Ah OK, after reading their docs I see they've changed what "slots" used to mean in Dremel (internal version of BQ). It used to be that slots _guaranteed_ capacity, but did not limit it. Meaning that you could rely on having a certain number of workers in the cluster when you issue a query, but if Dremel had more it'd give you all it's got. Obviously this is not viable when people have to pay per terabyte read, because a ton can be read.

What they have now strikes me as an even better solution to the problem of bankrupting someone with a query IMO. Not sure how pricing compares to redshift et al, but pricing is the easiest thing for Google to change.

manigandham · on Oct 1, 2020

Slots don't control how much data you consume, your query does.

If you need to read a terabyte of data to answer your query then more slots only gets it done faster.
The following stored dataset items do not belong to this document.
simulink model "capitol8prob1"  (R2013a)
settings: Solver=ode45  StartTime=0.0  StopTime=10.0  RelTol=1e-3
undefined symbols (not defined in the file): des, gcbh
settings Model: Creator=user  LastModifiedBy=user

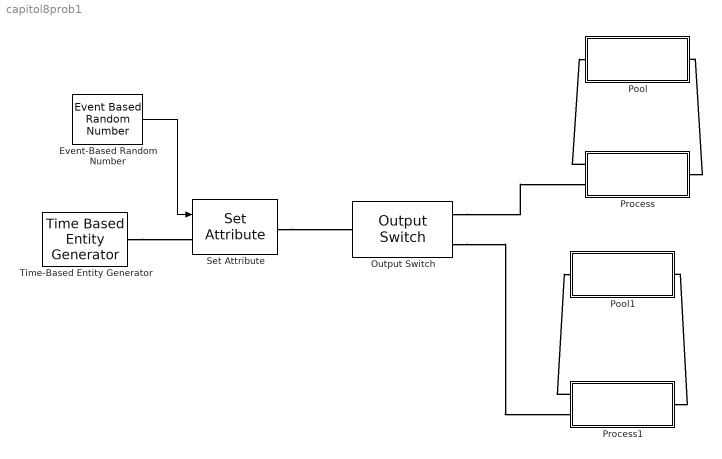
== system capitol8prob1 ==
  Event-Based Random Number : EventBasedRandomNumber  Distribution=Arbitrary discrete  valueVecDisc=[1 2]  probVecDisc=[0.4 0.6]
  Output Switch : OutputSwitch  NumberOutputPorts=2  SwitchingCriterion=From attribute  AttributeName=Type
  Pool : Subsystem
  Pool1 : Subsystem
  Process : Subsystem
  Process1 : Subsystem
  Set Attribute : SetAttribute  AttributeName=Type  AttributeFrom=Signal port  EvaluatedAttributeValue={ []}
  Time-Based Entity Generator : TimeBasedEntityGenerator  Distribution=Uniform  Minimum=0.01  Maximum=0.2
  wires:
  Event-Based Random Number/1 -> Set Attribute/1
  connections:
  Process/RConn1 -- Pool/RConn1
  Time-Based Entity Generator/RConn1 -- Set Attribute/LConn1
  Process/LConn1 -- Pool/LConn1
  Process1/RConn1 -- Pool1/RConn1
  Set Attribute/RConn1 -- Output Switch/LConn1
  Output Switch/RConn2 -- Process1/LConn2
  Output Switch/RConn1 -- Process/LConn2
  Process1/LConn1 -- Pool1/LConn1

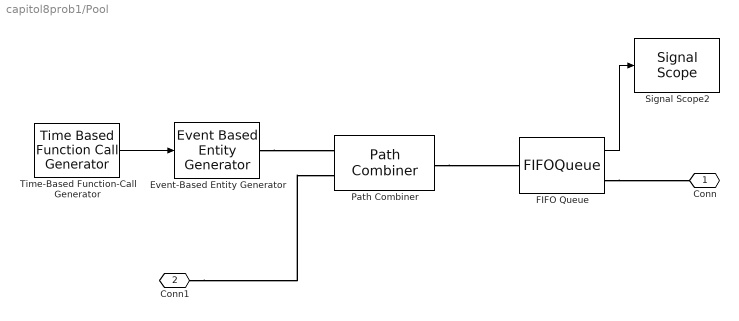
== system capitol8prob1/Pool ==
  Event-Based Entity Generator : EventBasedEntityGenerator  GenerateEntitiesUpon=Function call from port fcn
  FIFO Queue : FIFOQueue  StatNumberInBlock=on
      settings: OutputPortMap=o1
  Path Combiner : PathCombiner  NumberInputPorts=2  InputPortPrecedence=Round robin
  Signal Scope2 : SignalScope  LoadFcn=des.scope.CallbackSupport('seLoadFcn',gcbh)  StartFcn=des.scope.CallbackSupport('seStartFcn',gcbh)  StopFcn=des.scope.CallbackSupport('seStopFcn',gcbh)
      settings: CopyFcn=des.scope.CallbackSupport('seCopyFcn',gcbh)  DeleteFcn=des.scope.CallbackSupport('seDeleteFcn',gcbh)  PreSaveFcn=des.scope.CallbackSupport('sePreSaveFcn',gcbh)  NameChangeFcn=des.scope.CallbackSupport('seNameChangeFcn',gcbh)  OpenFcn=des.scope.CallbackSupport('seOpenFcn',gcbh)
  Time-Based Function-Call Generator : TimeBasedFunctionCallGenerator  EventGenerationMode=Only at simulation start  NumberOfEventsPerPeriod=4
  Conn : PMIOPort  Port=1  Side=Left
  Conn1 : PMIOPort  Port=2  Side=Right
  wires:
  Time-Based Function-Call Generator/1 -> Event-Based Entity Generator/1
  FIFO Queue/1 -> Signal Scope2/1
  connections:
  Path Combiner/RConn1 -- FIFO Queue/LConn1
  Event-Based Entity Generator/RConn1 -- Path Combiner/LConn1
  Conn1/RConn1 -- Path Combiner/LConn2
  FIFO Queue/RConn1 -- Conn/RConn1

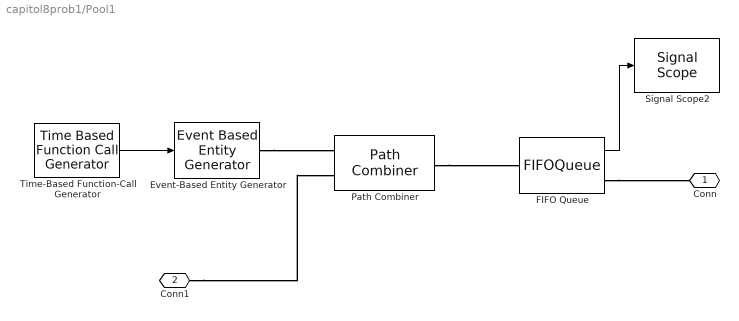
== system capitol8prob1/Pool1 ==
  Event-Based Entity Generator : EventBasedEntityGenerator  GenerateEntitiesUpon=Function call from port fcn
  FIFO Queue : FIFOQueue  StatNumberInBlock=on
      settings: OutputPortMap=o1
  Path Combiner : PathCombiner  NumberInputPorts=2  InputPortPrecedence=Round robin
  Signal Scope2 : SignalScope  LoadFcn=des.scope.CallbackSupport('seLoadFcn',gcbh)  StartFcn=des.scope.CallbackSupport('seStartFcn',gcbh)  StopFcn=des.scope.CallbackSupport('seStopFcn',gcbh)
      settings: CopyFcn=des.scope.CallbackSupport('seCopyFcn',gcbh)  DeleteFcn=des.scope.CallbackSupport('seDeleteFcn',gcbh)  PreSaveFcn=des.scope.CallbackSupport('sePreSaveFcn',gcbh)  NameChangeFcn=des.scope.CallbackSupport('seNameChangeFcn',gcbh)  OpenFcn=des.scope.CallbackSupport('seOpenFcn',gcbh)
  Time-Based Function-Call Generator : TimeBasedFunctionCallGenerator  EventGenerationMode=Only at simulation start  NumberOfEventsPerPeriod=4
  Conn : PMIOPort  Port=1  Side=Left
  Conn1 : PMIOPort  Port=2  Side=Right
  wires:
  Time-Based Function-Call Generator/1 -> Event-Based Entity Generator/1
  FIFO Queue/1 -> Signal Scope2/1
  connections:
  Path Combiner/RConn1 -- FIFO Queue/LConn1
  Event-Based Entity Generator/RConn1 -- Path Combiner/LConn1
  Conn1/RConn1 -- Path Combiner/LConn2
  FIFO Queue/RConn1 -- Conn/RConn1

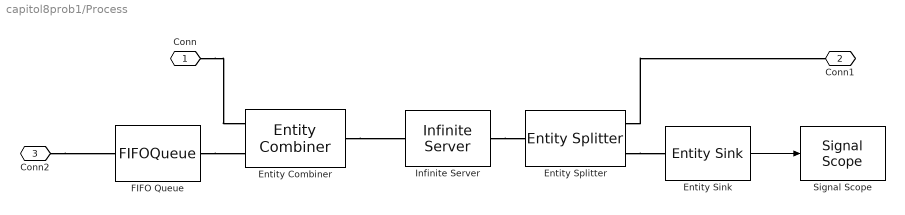
== system capitol8prob1/Process ==
  Entity Combiner : EntityCombiner  NumberInputPorts=2
  Entity Sink : EntitySink  StatNumberArrived=on
  Entity Splitter : EntitySplitter  NumberOutputPorts=2
  FIFO Queue : FIFOQueue  Capacity=4
  Infinite Server : InfiniteServer  ServiceTime=2
  Signal Scope : SignalScope  LoadFcn=des.scope.CallbackSupport('seLoadFcn',gcbh)  StartFcn=des.scope.CallbackSupport('seStartFcn',gcbh)  StopFcn=des.scope.CallbackSupport('seStopFcn',gcbh)
      settings: CopyFcn=des.scope.CallbackSupport('seCopyFcn',gcbh)  DeleteFcn=des.scope.CallbackSupport('seDeleteFcn',gcbh)  PreSaveFcn=des.scope.CallbackSupport('sePreSaveFcn',gcbh)  NameChangeFcn=des.scope.CallbackSupport('seNameChangeFcn',gcbh)  OpenFcn=des.scope.CallbackSupport('seOpenFcn',gcbh)
  Conn : PMIOPort  Port=1  Side=Left
  Conn1 : PMIOPort  Port=2  Side=Right
  Conn2 : PMIOPort  Port=3  Side=Left
  wires:
  Entity Sink/1 -> Signal Scope/1
  connections:
  Entity Splitter/RConn2 -- Entity Sink/LConn1
  Entity Splitter/RConn1 -- Conn1/RConn1
  Infinite Server/RConn1 -- Entity Splitter/LConn1
  Entity Combiner/RConn1 -- Infinite Server/LConn1
  FIFO Queue/RConn1 -- Entity Combiner/LConn2
  Conn/RConn1 -- Entity Combiner/LConn1
  Conn2/RConn1 -- FIFO Queue/LConn1

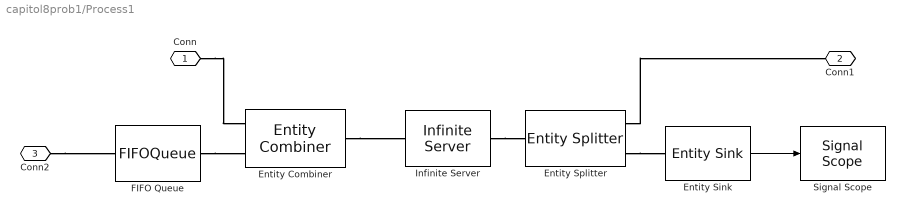
== system capitol8prob1/Process1 ==
  Entity Combiner : EntityCombiner  NumberInputPorts=2
  Entity Sink : EntitySink  StatNumberArrived=on
  Entity Splitter : EntitySplitter  NumberOutputPorts=2
  FIFO Queue : FIFOQueue  Capacity=8
  Infinite Server : InfiniteServer  ServiceTime=3
  Signal Scope : SignalScope  LoadFcn=des.scope.CallbackSupport('seLoadFcn',gcbh)  StartFcn=des.scope.CallbackSupport('seStartFcn',gcbh)  StopFcn=des.scope.CallbackSupport('seStopFcn',gcbh)
      settings: CopyFcn=des.scope.CallbackSupport('seCopyFcn',gcbh)  DeleteFcn=des.scope.CallbackSupport('seDeleteFcn',gcbh)  PreSaveFcn=des.scope.CallbackSupport('sePreSaveFcn',gcbh)  NameChangeFcn=des.scope.CallbackSupport('seNameChangeFcn',gcbh)  OpenFcn=des.scope.CallbackSupport('seOpenFcn',gcbh)
  Conn : PMIOPort  Port=1  Side=Left
  Conn1 : PMIOPort  Port=2  Side=Right
  Conn2 : PMIOPort  Port=3  Side=Left
  wires:
  Entity Sink/1 -> Signal Scope/1
  connections:
  Entity Splitter/RConn2 -- Entity Sink/LConn1
  Entity Splitter/RConn1 -- Conn1/RConn1
  Infinite Server/RConn1 -- Entity Splitter/LConn1
  Entity Combiner/RConn1 -- Infinite Server/LConn1
  FIFO Queue/RConn1 -- Entity Combiner/LConn2
  Conn/RConn1 -- Entity Combiner/LConn1
  Conn2/RConn1 -- FIFO Queue/LConn1

statusgraph · on Sept 30, 2020

BQ Slots lets you do essentially that (pre-commit to a particular cluster size)

theptip · on Sept 30, 2020

I was hitting some rough edges / complexity with BigQuery's MERGE recently, but wasn't able to ascertain any significant difference with Snowflake by scanning their docs briefly -- what aspects of the MERGE semantics are better in Snowflake in your opinion?

Wondering if this is a somewhat new feature in BQ since you used it, or if there's still a feature gap here (e.g. see https://cloud.google.com/blog/products/gcp/performing-large-...).

5ersi · on Oct 1, 2020

BQ has per-project and per-user cost controls. Normally when running new large queries one would run them under a special user with a limit on costs.